Dataset entries:
★ ★ ★ ★ ★

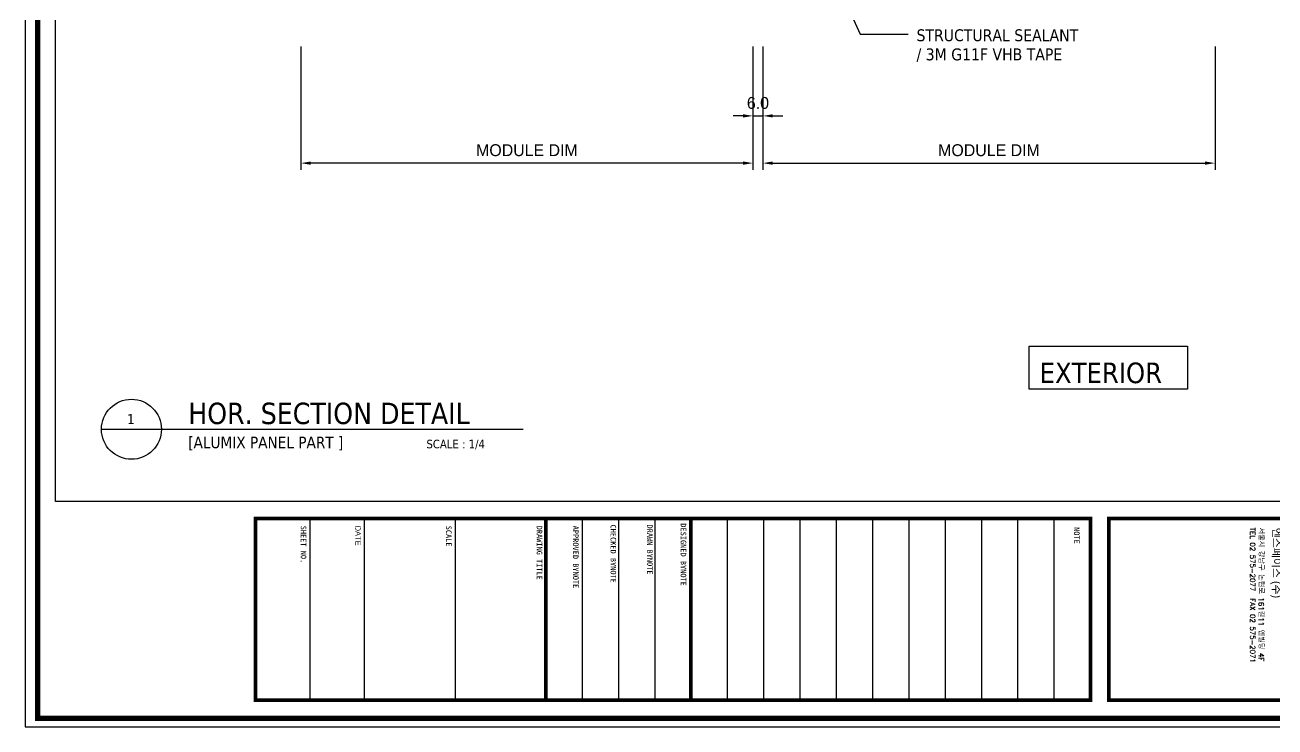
# Model space of a CAD drawing. Header units: millimetres. Extents: x 7297 to 60227, y -7497 to 19324.
# Drawn here: x 9407 to 10164, y 2468 to 2893 of the extents above; entities that cross this region are included whole.
import ezdxf

# ---------------------------------------------------------------- set-up
doc = ezdxf.new("R2010")
doc.units = ezdxf.units.MM
for name, color, linetype in [('NS_COL_WHITE', 7, 'Continuous'), ('NS_DIM', 1, 'Continuous'), ('NS_FORM', 7, 'Continuous'), ('NS_TEXT', 2, 'Continuous')]:
    doc.layers.add(name, color=color, linetype=linetype)
doc.styles.add('Expo M', font='Expo M.ttf')
doc.styles.add('HGTXT', font='romans.shx', dxfattribs={"bigfont": 'whgtxt.shx'})
doc.dimstyles.new('DS2', dxfattribs={"dimscale": 2, "dimtxt": 1.8, "dimasz": 1.5, "dimexe": 1, "dimexo": 1, "dimgap": 0.5, "dimtad": 1, "dimtoh": 1, "dimdec": 1, "dimzin": 1, "dimdsep": 46, "dimtxsty": 'Expo M', "dimcen": 2, "dimadec": 1, "dimazin": 0, "dimtfac": 1, "dimtdec": 4, "dimtix": 1, "dimtmove": 1, "dimatfit": 3, "dimfxl": 1, "dimtolj": 1, "dimtzin": 1, "dimarcsym": 0})
doc.dimstyles.new('N-SPACE', dxfattribs={"dimscale": 4, "dimtxt": 1.8, "dimasz": 1.5, "dimexe": 1, "dimexo": 1, "dimgap": 1, "dimtad": 1, "dimtoh": 1, "dimdec": 1, "dimzin": 1, "dimdsep": 46, "dimtxsty": 'Expo M', "dimcen": 2, "dimclrd": 1, "dimclre": 1, "dimclrt": 2, "dimadec": 1, "dimazin": 0, "dimtfac": 1, "dimtdec": 1, "dimtix": 1, "dimtmove": 1, "dimatfit": 3, "dimfxl": 1, "dimtolj": 1, "dimtzin": 1, "dimarcsym": 0})

# ---------------------------------------------------------------- blocks, each defined once
blk = doc.blocks.new('*D791')
at = {"layer": 'NS_DIM', "color": 1, "lineweight": -2, "transparency": 16777216}
for p, q in [((9574.38, 2879.85), (9574.38, 2805.22)), ((9848, 2879.85), (9848, 2805.22)), ((9842, 2809.22), (9580.38, 2809.22))]:
    blk.add_line(p, q, dxfattribs=at)
at = {"layer": 'NS_DIM', "color": 1, "transparency": 16777216}
for points in [[(9580.38, 2810.22), (9580.38, 2808.22), (9574.38, 2809.22)], [(9842, 2810.22), (9842, 2808.22), (9848, 2809.22)]]:
    blk.add_solid(points, dxfattribs=at)
at = {"layer": 'NS_DIM', "color": 2, "transparency": 16777216, "insert": (9711.19, 2817), "char_height": 7.2, "attachment_point": 5, "style": 'Expo M'}
blk.add_mtext('\\A1;MODULE DIM', dxfattribs=at)
blk = doc.blocks.new('*D790')
at = {"layer": 'NS_DIM', "color": 1, "lineweight": -2, "transparency": 16777216}
for p, q in [((9854, 2879.85), (9854, 2805.22)), ((10127.61, 2879.85), (10127.61, 2805.22)), ((9860, 2809.22), (10121.61, 2809.22))]:
    blk.add_line(p, q, dxfattribs=at)
at = {"layer": 'NS_DIM', "color": 1, "transparency": 16777216}
for points in [[(9860, 2810.22), (9860, 2808.22), (9854, 2809.22)], [(10121.61, 2810.22), (10121.61, 2808.22), (10127.61, 2809.22)]]:
    blk.add_solid(points, dxfattribs=at)
at = {"layer": 'NS_DIM', "color": 2, "transparency": 16777216, "insert": (9990.81, 2817), "char_height": 7.2, "attachment_point": 5, "style": 'Expo M'}
blk.add_mtext('\\A1;MODULE DIM', dxfattribs=at)
blk = doc.blocks.new('*D789')
at = {"layer": 'NS_DIM', "color": 1, "lineweight": -2, "transparency": 16777216}
for p, q in [((9848, 2879.85), (9848, 2833.79)), ((9854, 2879.85), (9854, 2833.79)), ((9842, 2837.79), (9836, 2837.79)), ((9848, 2837.79), (9854, 2837.79)), ((9860, 2837.79), (9866, 2837.79))]:
    blk.add_line(p, q, dxfattribs=at)
at = {"layer": 'NS_DIM', "color": 1, "transparency": 16777216}
for points in [[(9842, 2838.79), (9842, 2836.79), (9848, 2837.79)], [(9860, 2838.79), (9860, 2836.79), (9854, 2837.79)]]:
    blk.add_solid(points, dxfattribs=at)
at = {"layer": 'NS_DIM', "color": 2, "transparency": 16777216, "insert": (9851, 2845.57), "char_height": 7.2, "attachment_point": 5, "style": 'Expo M'}
blk.add_mtext('\\A1;6.0', dxfattribs=at)
blk = doc.blocks.new('AL-TEMPLATE')
at = {"color": 8}
for p, q in [((2716.82, 1392.97), (2800.02, 1392.97)), ((2716.82, 1376.33), (2800.02, 1376.33)), ((2716.82, 1359.69), (2800.02, 1359.69)), ((2716.82, 1343.05), (2800.02, 1343.05)), ((2716.82, 1326.41), (2800.02, 1326.41)), ((2716.82, 1309.77), (2800.02, 1309.77)), ((2716.82, 1293.13), (2800.02, 1293.13)), ((2716.82, 1276.49), (2800.02, 1276.49)), ((2716.82, 1259.85), (2800.02, 1259.85)), ((2716.82, 1243.21), (2800.02, 1243.21)), ((2716.82, 1209.93), (2800.02, 1209.93)), ((2716.82, 1193.29), (2800.02, 1193.29)), ((2716.82, 1176.65), (2800.02, 1176.65)), ((2716.82, 1118.41), (2800.02, 1118.41)), ((2716.82, 1076.81), (2800.02, 1076.81)), ((2716.82, 1051.85), (2800.02, 1051.85))]:
    blk.add_line(p, q, dxfattribs=at)
at = {"color": 7, "ltscale": 2}
blk.add_lwpolyline([(1972.34, 1515.25), (1972.34, 921.25), (2812.34, 921.25), (2812.34, 1515.25)], close=True, dxfattribs=at)
at = {"color": 8}
for points, const_width in [([(1976.34, 1509.45), (2808.34, 1509.45), (2808.34, 927.05), (1976.34, 927.05)], 2.5), ([(2716.82, 1501.32), (2800.02, 1501.32), (2800.02, 1418.12), (2716.82, 1418.12)], 1.66), ([(2716.82, 1409.8), (2800.02, 1409.8), (2800.02, 1026.89), (2716.82, 1026.89)], 1.66)]:
    blk.add_lwpolyline(points, close=True, dxfattribs=dict(at, const_width=const_width))
at = {"color": 9}
blk.add_lwpolyline([(1984.07, 1501.32), (2709.08, 1501.32), (2709.08, 935.18), (1984.07, 935.18)], close=True, dxfattribs=at)
at = {"color": 8, "const_width": 1.66}
for points in [[(2716.82, 1226.57), (2800.02, 1226.57)], [(2716.82, 1160.01), (2800.02, 1160.01)]]:
    blk.add_lwpolyline(points, dxfattribs=at)
at = {"color": 146, "true_color": 0x105689, "insert": (2721.06, 1496.93), "char_height": 3.6698, "attachment_point": 1, "style": 'HGTXT'}
blk.add_mtext('{\\fExpo M|b0|i0|c129|p18;엔스페이스 (주)}', dxfattribs=at)
at = {"insert": (2720.94, 1489.17), "char_height": 2.3487, "attachment_point": 1, "style": 'HGTXT'}
blk.add_mtext('서울시 강남구 논현로 161길11 엔빌딩 4F\\PTEL 02 575-2077  FAX 02 575-2071', dxfattribs=at)
at = {"color": 8, "attachment_point": 1}
for s, insert, char_height, width in [('NOTE', (2720.76, 1404.73), 2.556, 438.9676), ('DESIGNED BYNOTE', (2719.01, 1224.39), 2.5559, 438.9676), ('DRAWN BYNOTE', (2719.56, 1209.04), 2.5559, 438.9676), ('CHECKED BYNOTE', (2719.56, 1192.25), 2.5559, 438.9676), ('APPROVED BYNOTE', (2720.1, 1175.04), 2.5559, 438.9676), ('DRAWING TITLE', (2720.1, 1158.4), 2.5559, 438.9675), ('SCALE', (2720.1, 1116.8), 2.556, 438.9675), ('{\\fﾱﾼﾸﾲ|b0|i0|c129|p49;DATE}', (2720.1, 1075.2), 2.5559, 438.9675), ('SHEET NO.', (2720.1, 1050.24), 2.556, 438.9675)]:
    blk.add_mtext(s, dxfattribs=dict(at, insert=insert, char_height=char_height, width=width))

msp = doc.modelspace()

# ---------------------------------------------------------------- linework, layer by layer
at = {"layer": 'NS_COL_WHITE'}
msp.add_line((9453.73, 2648.24), (9708.87, 2648.24), dxfattribs=at)
msp.add_circle((9471.87, 2648.24), 18.14, dxfattribs=at)
at = {"layer": 'NS_TEXT'}
msp.add_lwpolyline([(10015.15, 2698.56), (10110.89, 2698.56), (10110.89, 2672.57), (10015.15, 2672.57)], close=True, dxfattribs=at)

# ---------------------------------------------------------------- block references
at = {"layer": 'NS_FORM', "xscale": 1.32, "yscale": 1.32, "zscale": 1.32, "rotation": 270}
msp.add_blockref('AL-TEMPLATE', (8191.4, 6180.47), dxfattribs=at)

# ---------------------------------------------------------------- texts
at = {"layer": 'NS_TEXT', "line_spacing_factor": 0.963855}
for s, insert, char_height, width, attachment_point in [('\\pxql;{\\fTahoma|b0|i0|c0|p34;STRUCTURAL SEALANT\\P/ 3M G11F VHB TAPE}', (10056.32, 2870.48), 7.2, 109.3471, 9), ('\\fTahoma;EXTERIOR', (10021.47, 2675.9), 12.48, 90.2586, 7), ('\\fTahoma;HOR. SECTION DETAIL', (9506.22, 2651.12), 12.96, 193.7311, 7), ('\\fTahoma;1', (9469.26, 2651.42), 6, 8.9419, 7), ('\\fTahoma;[ALUMIX PANEL PART ]', (9506.22, 2635.54), 7, 105.1355, 7), ('\\fTahoma;SCALE : 1/4', (9650.38, 2636.08), 5.184, 42.074, 7)]:
    msp.add_mtext(s, dxfattribs=dict(at, insert=insert, char_height=char_height, width=width, attachment_point=attachment_point))

# ---------------------------------------------------------------- dimensions: what is measured, and where the dimension line sits
at = {"layer": 'NS_DIM'}
for base, p1, p2, picture, middle in [((9574.38, 2809.22), (9848, 2883.85), (9574.38, 2883.85), '*D791', (9711.19, 2817)), ((10127.61, 2809.22), (9854, 2883.85), (10127.61, 2883.85), '*D790', (9990.81, 2817))]:
    dim = msp.add_linear_dim(base=base, p1=p1, p2=p2, text='MODULE DIM', dimstyle='N-SPACE', dxfattribs=at)
    dim.commit()
    dim.dimension.update_dxf_attribs({"geometry": picture, "text_midpoint": middle})
dim = msp.add_linear_dim(base=(9854, 2837.79), p1=(9848, 2883.85), p2=(9854, 2883.85), dimstyle='N-SPACE', dxfattribs=at)
dim.commit()
dim.dimension.update_dxf_attribs({"geometry": '*D789', "text_midpoint": (9851, 2845.57)})

# ---------------------------------------------------------------- leaders
msp.add_leader([(9866, 2990.61), (9912.89, 2887.17), (9941.88, 2887.17)], dimstyle='DS2', override={"dimgap": 0.5, "dimtad": 0}, dxfattribs=at)

doc.saveas('drawing.dxf')

★ ★ ★ ★ ★

- [ABOUT THIS TASK]: Your task is to collect every line above that contains the word "name".

- [YOUR SOLUTION]:
for name, color, linetype in [('NS_COL_WHITE', 7, 'Continuous'), ('NS_DIM', 1, 'Continuous'), ('NS_FORM', 7, 'Continuous'), ('NS_TEXT', 2, 'Continuous')]:
    doc.layers.add(name, color=color, linetype=linetype)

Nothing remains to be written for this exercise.